AOL recently revised its matching retirement plan contribution to require that employees be employed at the end of the year to receive the matching contribution – rather than making the match each payroll period. That was perfectly legal. Unfortunately, AOL’s CEO blamed rising health care costs (specifically two distressed pregnancies) as the reason for the change. After being labelled a villain by the media and receiving massive backlash from employees, AOL reversed its position and resumed making the matching contribution each payroll period. Changing benefits or employment policies requires legal compliance, but employee relations and communications are critical to ensuring the changes are successfully implemented.

Employer Responsibility Regulations Provide Temporary Delay for Mid-Sized Employers 

Employers with 50-99 full-time employees will not have to comply with the employer responsibility requirements until plan years beginning in 2016. An employer may not purposefully reduce the size of its workforce in order to qualify for this transitional relief, must continue to provide health benefits already in place as of February 9, 2014, and must certify that it meets these requirements on a form still under development. If your company qualifies for this delay, your plan will have to offer coverage to at least 95 percent of your company’s full-time workers (those who average 30 hours or more of service per week) beginning on the first day of the plan year that starts on or after January 1, 2016.

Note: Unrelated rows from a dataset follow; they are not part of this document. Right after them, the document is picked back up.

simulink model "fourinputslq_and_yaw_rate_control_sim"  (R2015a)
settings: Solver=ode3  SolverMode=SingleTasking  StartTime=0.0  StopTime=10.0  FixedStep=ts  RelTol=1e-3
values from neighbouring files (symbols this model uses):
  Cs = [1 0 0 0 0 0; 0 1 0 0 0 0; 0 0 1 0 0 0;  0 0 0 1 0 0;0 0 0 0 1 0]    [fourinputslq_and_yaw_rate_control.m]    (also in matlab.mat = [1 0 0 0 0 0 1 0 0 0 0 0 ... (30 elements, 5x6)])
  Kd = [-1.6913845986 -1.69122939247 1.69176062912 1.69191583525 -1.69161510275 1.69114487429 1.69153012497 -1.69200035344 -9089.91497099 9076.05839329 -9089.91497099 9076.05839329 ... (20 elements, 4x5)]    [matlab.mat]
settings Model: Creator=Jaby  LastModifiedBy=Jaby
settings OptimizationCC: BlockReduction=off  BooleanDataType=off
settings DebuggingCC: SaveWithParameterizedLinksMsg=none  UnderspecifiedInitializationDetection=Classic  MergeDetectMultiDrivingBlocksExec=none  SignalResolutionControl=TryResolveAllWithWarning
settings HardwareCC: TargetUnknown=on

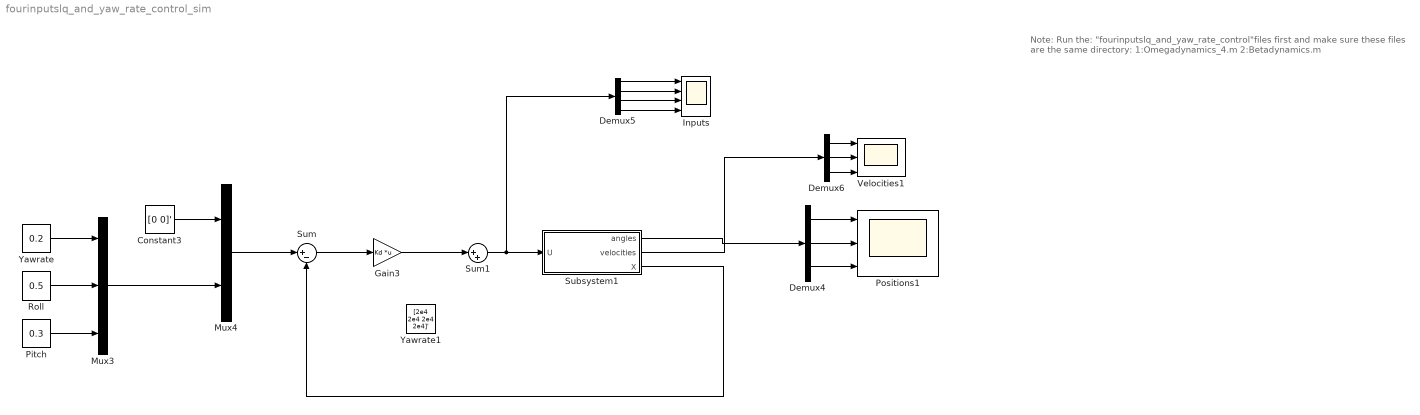
== system fourinputslq_and_yaw_rate_control_sim ==
  note: Note:
      | Run the: "fourinputslq_and_yaw_rate_control"files first and make sure these files are the same directory:
      | 1:Omegadynamics_4.m
      | 2:Betadynamics.m
  Constant3 : Constant  Value=[0 0]'  VectorParams1D=off
  Demux4 : Demux  Outputs=3
  Demux5 : Demux
  Demux6 : Demux  Outputs=3
  Gain3 : Gain  Gain=Kd  Multiplication=Matrix(K*u)
  Inputs : Scope  NumInputPorts=4
      settings: TimeRange=20  YMin=0.00274~-3.07e-14~8.3e-31~-5  YMax=0.00278~-3.025e-14~8.43e-31~5  SaveName=ScopeData4
  Mux3 : Mux  Inputs=3
  Mux4 : Mux  Inputs=2
  Pitch : Constant  Value=0.3
  Positions1 : Scope  NumInputPorts=3
      settings: TimeRange=10  YMin=0.19775~0.149~1.5  YMax=0.20025~0.155~4.75  SaveName=ScopeData5
  Roll : Constant  Value=0.5
  Subsystem1 : Subsystem
  Sum : Sum  Inputs=|+-
  Sum1 : Sum  Inputs=|++
  Velocities1 : Scope  NumInputPorts=3
      settings: TimeRange=10  YMin=-0.083~0.096~0.475  YMax=-0.076~0.1015~0.525  SaveName=ScopeData9
  Yawrate : Constant  Value=0.2
  Yawrate1 : Constant  Value=[2e4 2e4 2e4 2e4]'  VectorParams1D=off
  wires:
  Demux4/2 -> Positions1/2
  Demux4/3 -> Positions1/3
  Demux4/1 -> Positions1/1
  Demux6/2 -> Velocities1/2
  Demux6/3 -> Velocities1/3
  Demux6/1 -> Velocities1/1
  Subsystem1/1(angles) -> Demux4/1
  Subsystem1/2(velocities) -> Demux6/1
  Roll/1 -> Mux3/2
  Pitch/1 -> Mux3/3
  Mux4/1 -> Sum/1
  Mux3/1 -> Mux4/2
  Constant3/1 -> Mux4/1
  Sum/1 -> Gain3/1
  Yawrate/1 -> Mux3/1
  Subsystem1/3(X) -> Sum/2
  Demux5/1 -> Inputs/1
  Demux5/2 -> Inputs/2
  Demux5/3 -> Inputs/3
  Demux5/4 -> Inputs/4
  Gain3/1 -> Sum1/1
  Sum1/1 -> Subsystem1/1(U), Demux5/1

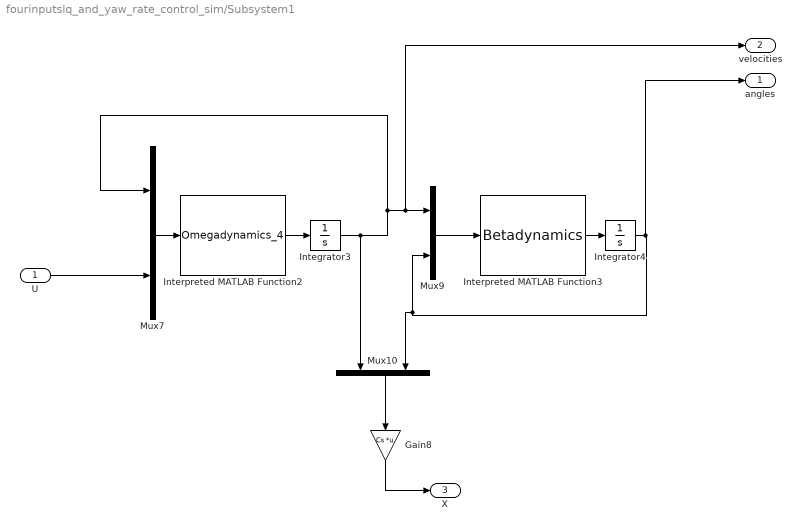
== system fourinputslq_and_yaw_rate_control_sim/Subsystem1 ==
  U : Inport
  Gain8 : Gain  Gain=Cs  Multiplication=Matrix(K*u)
  Integrator3 : Integrator  InitialCondition=[0 0 0]'
  Integrator4 : Integrator  InitialCondition=[0 0 0]'
  Interpreted MATLAB Function2 : MATLABFcn  MATLABFcn=Omegadynamics_4  Output1D=off
  Interpreted MATLAB Function3 : MATLABFcn  MATLABFcn=Betadynamics  Output1D=off
  Mux10 : Mux  Inputs=2
  Mux7 : Mux  Inputs=2
  Mux9 : Mux  Inputs=2
  angles : Outport
  velocities : Outport  Port=2
  X : Outport  Port=3
  wires:
  Gain8/1 -> X/1
  U/1 -> Mux7/2
  Integrator4/1 -> Mux10/2, Mux9/2, angles/1
  Mux9/1 -> Interpreted MATLAB Function3/1
  Mux10/1 -> Gain8/1
  Interpreted MATLAB Function3/1 -> Integrator4/1
  Interpreted MATLAB Function2/1 -> Integrator3/1
  Mux7/1 -> Interpreted MATLAB Function2/1
  Integrator3/1 -> Mux10/1, Mux9/1, velocities/1, Mux7/1

Limited Relief for Large Employers under Employer Responsibility Regulations

If your company employs 100 or more full-time equivalent workers, you remain subject to the employer responsibility requirements starting January 1, 2015, but you do get some limited relief. For plan years starting in 2015, your company will not be subject to the 4980H(a) penalty for failure to offer coverage as long as your health plan offers coverage to at least 70 percent of your full-time workers. But keep in mind that each full-time employee who is not offered coverage will be eligible for subsidized coverage through the Exchange — and your company will have to pay a $3,000 penalty for each such worker who actually qualifies for subsidized coverage.